Table 2 permits comparison of the values of the INCAP table [17] with those obtained at our laboratory for the proximal composition, plus the iron, vitamin A, and vitamin C content of the 22 ingredients of the 3 dishes selected for this study. The values for fibre, calcium, and phosphate were not included in the table, as they add little to the objective of this work. It is readily apparent that agreement within a margin of + 20 per cent was obtained only in about one-third of the total number of analyses performed. Results were below 80 per cent of the table value in 38 per cent of the observations, while 28 per cent presented with differences of more than 20 per cent above the figure in the table.

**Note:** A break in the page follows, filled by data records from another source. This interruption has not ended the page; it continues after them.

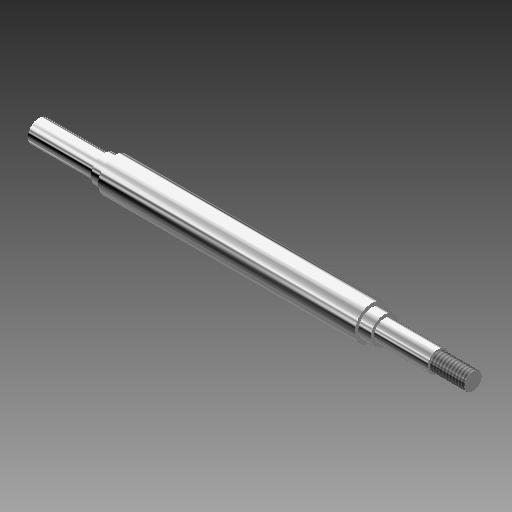
# Autodesk Inventor part: 401-05
Saved by Autodesk Inventor 2019 (Build 230136000, 136)
## iProperties
Company: Autodesk Inc.
Created: 2017-06-27
Part Number: 401-05
Material: Aluminum-6061
Document SubType Name: Modeling
Designer: Autodesk Inc.
Mass: 2.3605 g
Surface Area: 8.8293 cm^2
Volume: 0.874258 cm^3
Density: 2.7 g/cm^3
Appearance: Chrome - Polished
Author: Inventor
Autodesk Inventor part; units mm, degrees
ref_plane "YZ Plane" through (0, 0, 0) normal (1, 0, 0) x (0, 1, 0)
ref_plane "XZ Plane" through (0, 0, 0) normal (0, 1, 0) x (-1, 0, 0)
ref_plane "XY Plane" through (0, 0, 0) normal (0, 0, 1) x (1, 0, 0)
sketch "Sketch1" plane through (0, 0, 0) normal (0, 0, 1) x (1, 0, 0)
  line L0 (-18.4, 0) -> (18.4, 0)
  line L1 (18.4, 0) -> (18.4, 2.45)
  line L2 (18.4, 2.45) -> (-18.4, 2.45)
  line L3 (-18.4, 2.45) -> (-18.4, 0)
  line L4 (-18.4, 0) -> (-19.9, 0)
  line L5 (-19.9, 0) -> (-19.9, 1.95)
  line L6 (-19.9, 1.95) -> (-18.4, 1.95)
  line L7 (-18.4, 1.95) -> (-18.4, 0)
  line L8 (-19.9, 0) -> (-29.3, 0)
  line L9 (-29.3, 0) -> (-29.3, 1.6)
  line L10 (-29.3, 1.6) -> (-19.9, 1.6)
  line L11 (-19.9, 1.6) -> (-19.9, 0)
  line L12 (18.4, 0) -> (20.2, 0)
  line L13 (20.2, 0) -> (20.2, 1.95)
  line L14 (20.2, 1.95) -> (18.4, 1.95)
  line L15 (18.4, 1.95) -> (18.4, 0)
  line L16 (20.2, 0) -> (27.9, 0)
  line L17 (27.9, 0) -> (27.9, 1.5)
  line L18 (27.9, 1.5) -> (20.2, 1.5)
  line L19 (20.2, 1.5) -> (20.2, 0)
  line L20 (27.9, 0) -> (32.9, 0)
  line L21 (32.9, 0) -> (32.9, 1.25)
  line L22 (32.9, 1.25) -> (27.9, 1.25)
  line L23 (27.9, 1.25) -> (27.9, 0)
  point P0 (0, 0)
  point P1 (0, 0)
  dimension "d0" = 9.4
  dimension "d1" = 10.9
  dimension "d2" = 47.7
  dimension "d3" = 3.2
  dimension "d4" = 3.9
  dimension "d5" = 4.9
  dimension "d6" = 3
  dimension "d7" = 49.5
  dimension "d21" = 2.5
  dimension "d22" = 62.2
  dimension "d23" = 5
  constraints: 48 end point, 12 parallel, 6 horizontal, 6 perpendicular, 1 coincident, 1 collinear, 1 midpoint
  measures "d0" distance of L9.end L10.end
  measures "d1" distance between parallel lines of L3 L9
  measures "d2" distance between parallel lines of L1 L9
  measures "d3" diameter of L10 L8
  measures "d4" diameter of L6 L8
  measures "d5" diameter of L2 L8
  measures "d6" diameter of L18 L16
  measures "d7" distance between parallel lines of L19 L9
  measures "d21" diameter of L22 L20
  measures "d22" distance between parallel lines of L9 L21
  measures "d23" distance of L21.end L22.end
revolve "Revolution1" add sketch "Sketch1" angle 360 about axis through (-18.4, 0, 0) along (1, 0, 0)
thread "Thread1" size "M2.5x0.45" class "6g" standard "ANSI Metric M Profile" length 5
hole "Hole1" at (-29.3, 0, 0) direction (1, 0, 0) diameter 1.567 depth 6 tip angle 118 counterbore diameter 1.9 counterbore depth 2 thread size "M2x0.4" class "6H" standard "ANSI Metric M Profile"
body "Solid1"

In the case of iron and vitamin A, the tendency was for the INCAP table values to grossly overestimate the content of the foodstuffs analysed. Especially remarkable was the case of iron, where 90 per cent of our values were well below 80 per cent of the figure presented by the INCAP table. Most of the major differences in protein content were in foodstuffs that are unimportant as sources of this nutrient, like coriander, pepper, and onions.

Table 3 was constructed to show the practical implications of the differences in the nutrient compositions described above. A previous survey [2], carried out in a country village, was used as a source of data to recalculate nutrient intake using the values obtained at our laboratory. Protein consumption shows very little difference, as could be expected from table 2. Vitamin A intake, on the other hand, seems to have been slightly underestimated, and that of iron grossly overestimated, when the INCAP table values were used.

The problem of "foods as eaten" was approached by comparing the results of direct analysis of the dish with the nutrient composition calculated using the values in the INCAP table or the the values obtained by local analyses (table 2). The changes in the relative proportion of the ingredients after cooking were taken into account by directly weighing the ingredients before and after culinary processing.

Figure 1 shows that up to 22-fold differences could be found when comparing the nutrient composition of the food as eaten with that calculated from the composition of the raw ingredients ("recipe calculation"). As could be expected from the degree of "complexity" of the dishes, feijoada was the one containing the largest differences.